Soil organic matter: influence on nutrient availability

Page last updated: Thursday, 18 October 2018 - 1:37pm

Soil organic matter influences nutrient supply and water-holding capacity in soil. This section provides information for Western Australian growers to assess the value of soil organic matter for nutrient management.

Nutrient supply from organic matter

As a general rule-of-thumb, for every tonne of carbon in soil organic matter, about 100 kilograms (kg) of nitrogen, 15kg of phosphorus and 15kg of sulfur becomes available to plants as the organic matter is broken down.

About 3% of the total soil organic matter pools turns over each year, so where we know how much carbon we have in soils, we can roughly estimate the potential supply of nutrients.

Example

There is 1300 tonnes of soil per hectare in the top 10cm, assuming a bulk density of 1.3 grams per cubic centimetre (g/cm3) and a soil organic carbon content of 1.5% (equivalent to 2.6% soil organic matter). We express tonnes of soil organic carbon per hectare as tC/ha.

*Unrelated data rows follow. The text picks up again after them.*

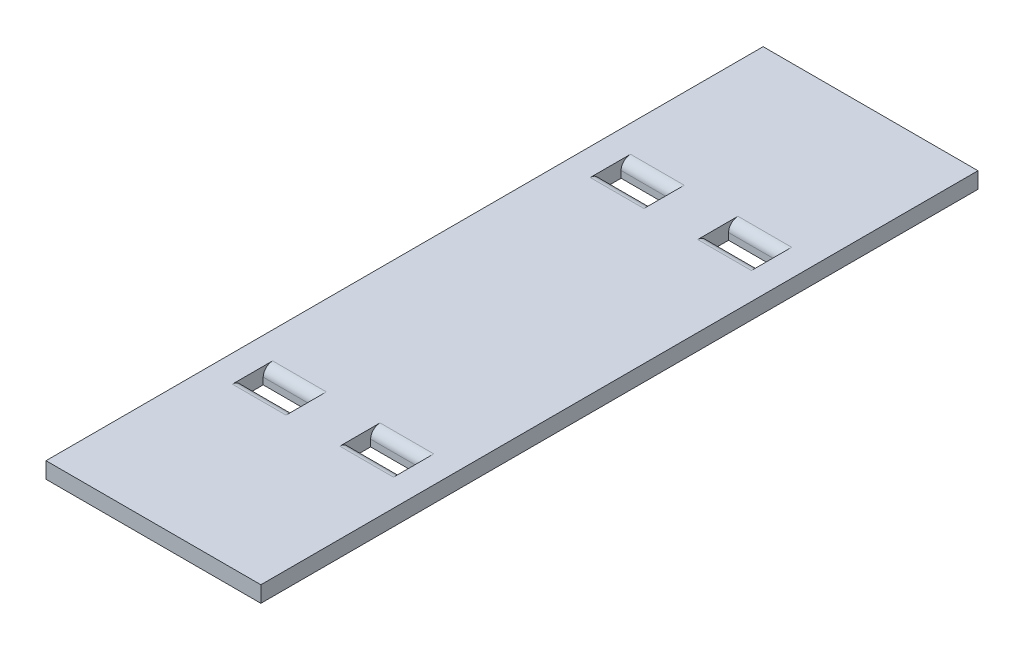
from build123d import *

# Parameters (mm, degrees)
SKETCH1_W           = 40
SKETCH1_H           = 133.5
BOSS_EXTRUDE1_DEPTH = 3
SKETCH2_R           = 6.11
BOSS_EXTRUDE2_DEPTH = 3
CUT_EXTRUDE1_REACH  = 71.94
SKETCH3_W           = 10
SKETCH3_H           = 4
FILLET2_R           = 1.75
FILLET3_R           = 1


with BuildPart() as part:
    # Sketch1 → Boss-Extrude1 (new body)
    with BuildSketch(Plane(origin=(0, 0, 0), x_dir=(1, 0, 0), z_dir=(0, 1, 0))):
        Rectangle(SKETCH1_W, SKETCH1_H)
    extrude(amount=BOSS_EXTRUDE1_DEPTH)

    # Sketch2 → Boss-Extrude2 (add)
    with BuildSketch(Plane.XZ):
        with Locations(Location((10, 56.75, 0), (0, 0, 90))):
            Circle(SKETCH2_R)
        with Locations(Location((-10, 56.75, 0), (0, 0, 90))):
            Circle(SKETCH2_R)
        with Locations(Location((-10, -56.75, 0), (0, 0, 90))):
            Circle(SKETCH2_R)
        with Locations(Location((10, -56.75, 0), (0, 0, 90))):
            Circle(SKETCH2_R)
    extrude(amount=BOSS_EXTRUDE2_DEPTH)

    # Sketch3 → Cut-Extrude1 (cut, up to next)
    with BuildSketch(Plane(origin=(0, 3, 0), x_dir=(1, 0, 0), z_dir=(0, 1, 0)), mode=Mode.PRIVATE) as cut_extrude1_sk1:
        with Locations((10, 33.3125)):
            Rectangle(SKETCH3_W, SKETCH3_H)
    cut_extrude1_tool1 = extrude(cut_extrude1_sk1.sketch, amount=-CUT_EXTRUDE1_REACH, mode=Mode.PRIVATE) & part.part
    # Sketch3 → Cut-Extrude1 (cut, up to next)
    with BuildSketch(Plane(origin=(0, 3, 0), x_dir=(1, 0, 0), z_dir=(0, 1, 0)), mode=Mode.PRIVATE) as cut_extrude1_sk2:
        with Locations((-10, 33.3125)):
            Rectangle(SKETCH3_W, SKETCH3_H)
    cut_extrude1_tool2 = extrude(cut_extrude1_sk2.sketch, amount=-CUT_EXTRUDE1_REACH, mode=Mode.PRIVATE) & part.part
    # Sketch3 → Cut-Extrude1 (cut, up to next)
    with BuildSketch(Plane(origin=(0, 3, 0), x_dir=(1, 0, 0), z_dir=(0, 1, 0)), mode=Mode.PRIVATE) as cut_extrude1_sk3:
        with Locations((-10, -33.3125)):
            Rectangle(SKETCH3_W, SKETCH3_H)
    cut_extrude1_tool3 = extrude(cut_extrude1_sk3.sketch, amount=-CUT_EXTRUDE1_REACH, mode=Mode.PRIVATE) & part.part
    # Sketch3 → Cut-Extrude1 (cut, up to next)
    with BuildSketch(Plane(origin=(0, 3, 0), x_dir=(1, 0, 0), z_dir=(0, 1, 0)), mode=Mode.PRIVATE) as cut_extrude1_sk4:
        with Locations((10, -33.3125)):
            Rectangle(SKETCH3_W, SKETCH3_H)
    cut_extrude1_tool4 = extrude(cut_extrude1_sk4.sketch, amount=-CUT_EXTRUDE1_REACH, mode=Mode.PRIVATE) & part.part
    add(cut_extrude1_tool1.solids().sort_by_distance((10, 3, -33.3125))[0], mode=Mode.SUBTRACT)
    add(cut_extrude1_tool2.solids().sort_by_distance((-10, 3, -33.3125))[0], mode=Mode.SUBTRACT)
    add(cut_extrude1_tool3.solids().sort_by_distance((-10, 3, 33.3125))[0], mode=Mode.SUBTRACT)
    add(cut_extrude1_tool4.solids().sort_by_distance((10, 3, 33.3125))[0], mode=Mode.SUBTRACT)

    # Fillet2
    fillet2_edges = [part.edges().sort_by_distance(p)[0] for p in [
        (10, 3, 35.3125),
        (10, 3, 31.3125),
        (-10, 3, 35.3125),
        (-10, 3, 31.3125),
        (-10, 3, -35.3125),
        (-10, 3, -31.3125),
        (10, 3, -35.3125),
        (10, 3, -31.3125),
    ]]
    fillet(fillet2_edges, radius=FILLET2_R)

    # Fillet3
    fillet3_edges = [part.edges().sort_by_distance(p)[0] for p in [
        (10, -3, -62.86),
        (-10, -3, -62.86),
        (-10, -3, 50.64),
        (10, -3, 50.64),
    ]]
    fillet(fillet3_edges, radius=FILLET3_R)


solid = part.part
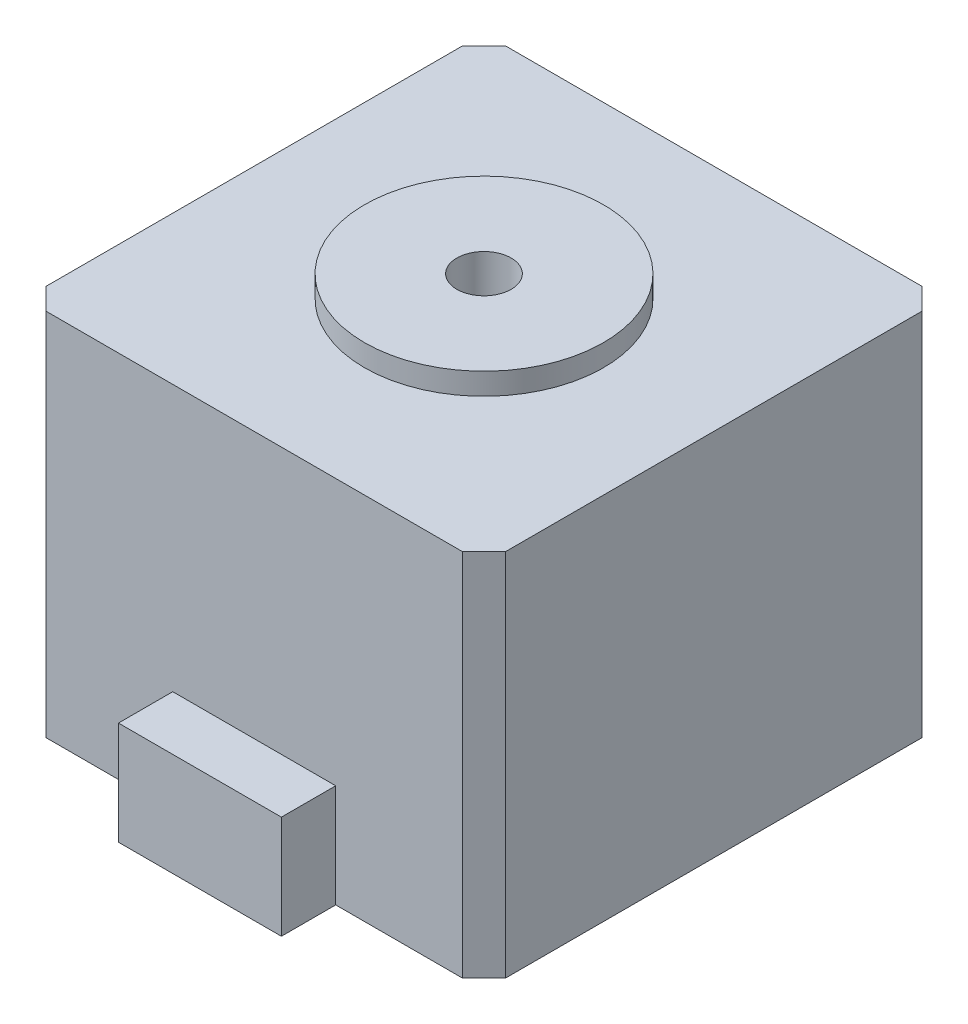
from build123d import *

# Parameters (mm, degrees)
SKETCH1_W           = 42.3
SKETCH1_H           = 42.3
BOSS_EXTRUDE1_DEPTH = 34
CHAMFER2_SIZE       = 2
SKETCH2_R           = 11
BOSS_EXTRUDE2_DEPTH = 2
SKETCH3_R           = 2.5
CUT_EXTRUDE2_DEPTH  = 20
SKETCH5_W           = 15
SKETCH5_H           = 9.5
BOSS_EXTRUDE4_DEPTH = 5


with BuildPart() as part:
    # Sketch1 → Boss-Extrude1 (new body)
    with BuildSketch(Plane(origin=(0, 0, 0), x_dir=(1, 0, 0), z_dir=(0, 1, 0))):
        with Locations((21.15, 21.15)):
            Rectangle(SKETCH1_W, SKETCH1_H)
    extrude(amount=BOSS_EXTRUDE1_DEPTH)

    # Chamfer2
    chamfer2_edges = [part.edges().sort_by_distance(p)[0] for p in [
        (0, 17, -42.3),
        (42.3, 17, -42.3),
        (42.3, 17, 0),
        (0, 17, 0),
    ]]
    chamfer(chamfer2_edges, length=CHAMFER2_SIZE)

    # Sketch2 → Boss-Extrude2 (add)
    with BuildSketch(Plane(origin=(0, 34, 0), x_dir=(1, 0, 0), z_dir=(0, 1, 0))):
        with Locations(Location((21.15, 21.15, 0), (0, 0, 270))):
            Circle(SKETCH2_R)
    extrude(amount=BOSS_EXTRUDE2_DEPTH)

    # Sketch3 → Cut-Extrude2 (cut)
    with BuildSketch(Plane(origin=(0, 36, 0), x_dir=(1, 0, 0), z_dir=(0, 1, 0))):
        with Locations(Location((21.15, 21.15, 0), (0, 0, 270))):
            Circle(SKETCH3_R)
    extrude(amount=-CUT_EXTRUDE2_DEPTH, mode=Mode.SUBTRACT)

    # Sketch5 → Boss-Extrude4 (add)
    with BuildSketch(Plane.XY):
        with Locations((21.15, 4.75)):
            Rectangle(SKETCH5_W, SKETCH5_H)
    extrude(amount=BOSS_EXTRUDE4_DEPTH)


solid = part.part

  1. 1.5% organic carbon in soil with a bulk density of 1.3 = approximately 20tC/ha to 10cm depth
  2. If 3% is turning over per year, there is 0.6tC/ha to 10cm depth turned over
  3. 0.6tC/ha x 100 (this is the kilograms of nitrogen available for each tonne of SOC turned over), there is about 60kg of nitrogen per hectare (kgN/ha) released.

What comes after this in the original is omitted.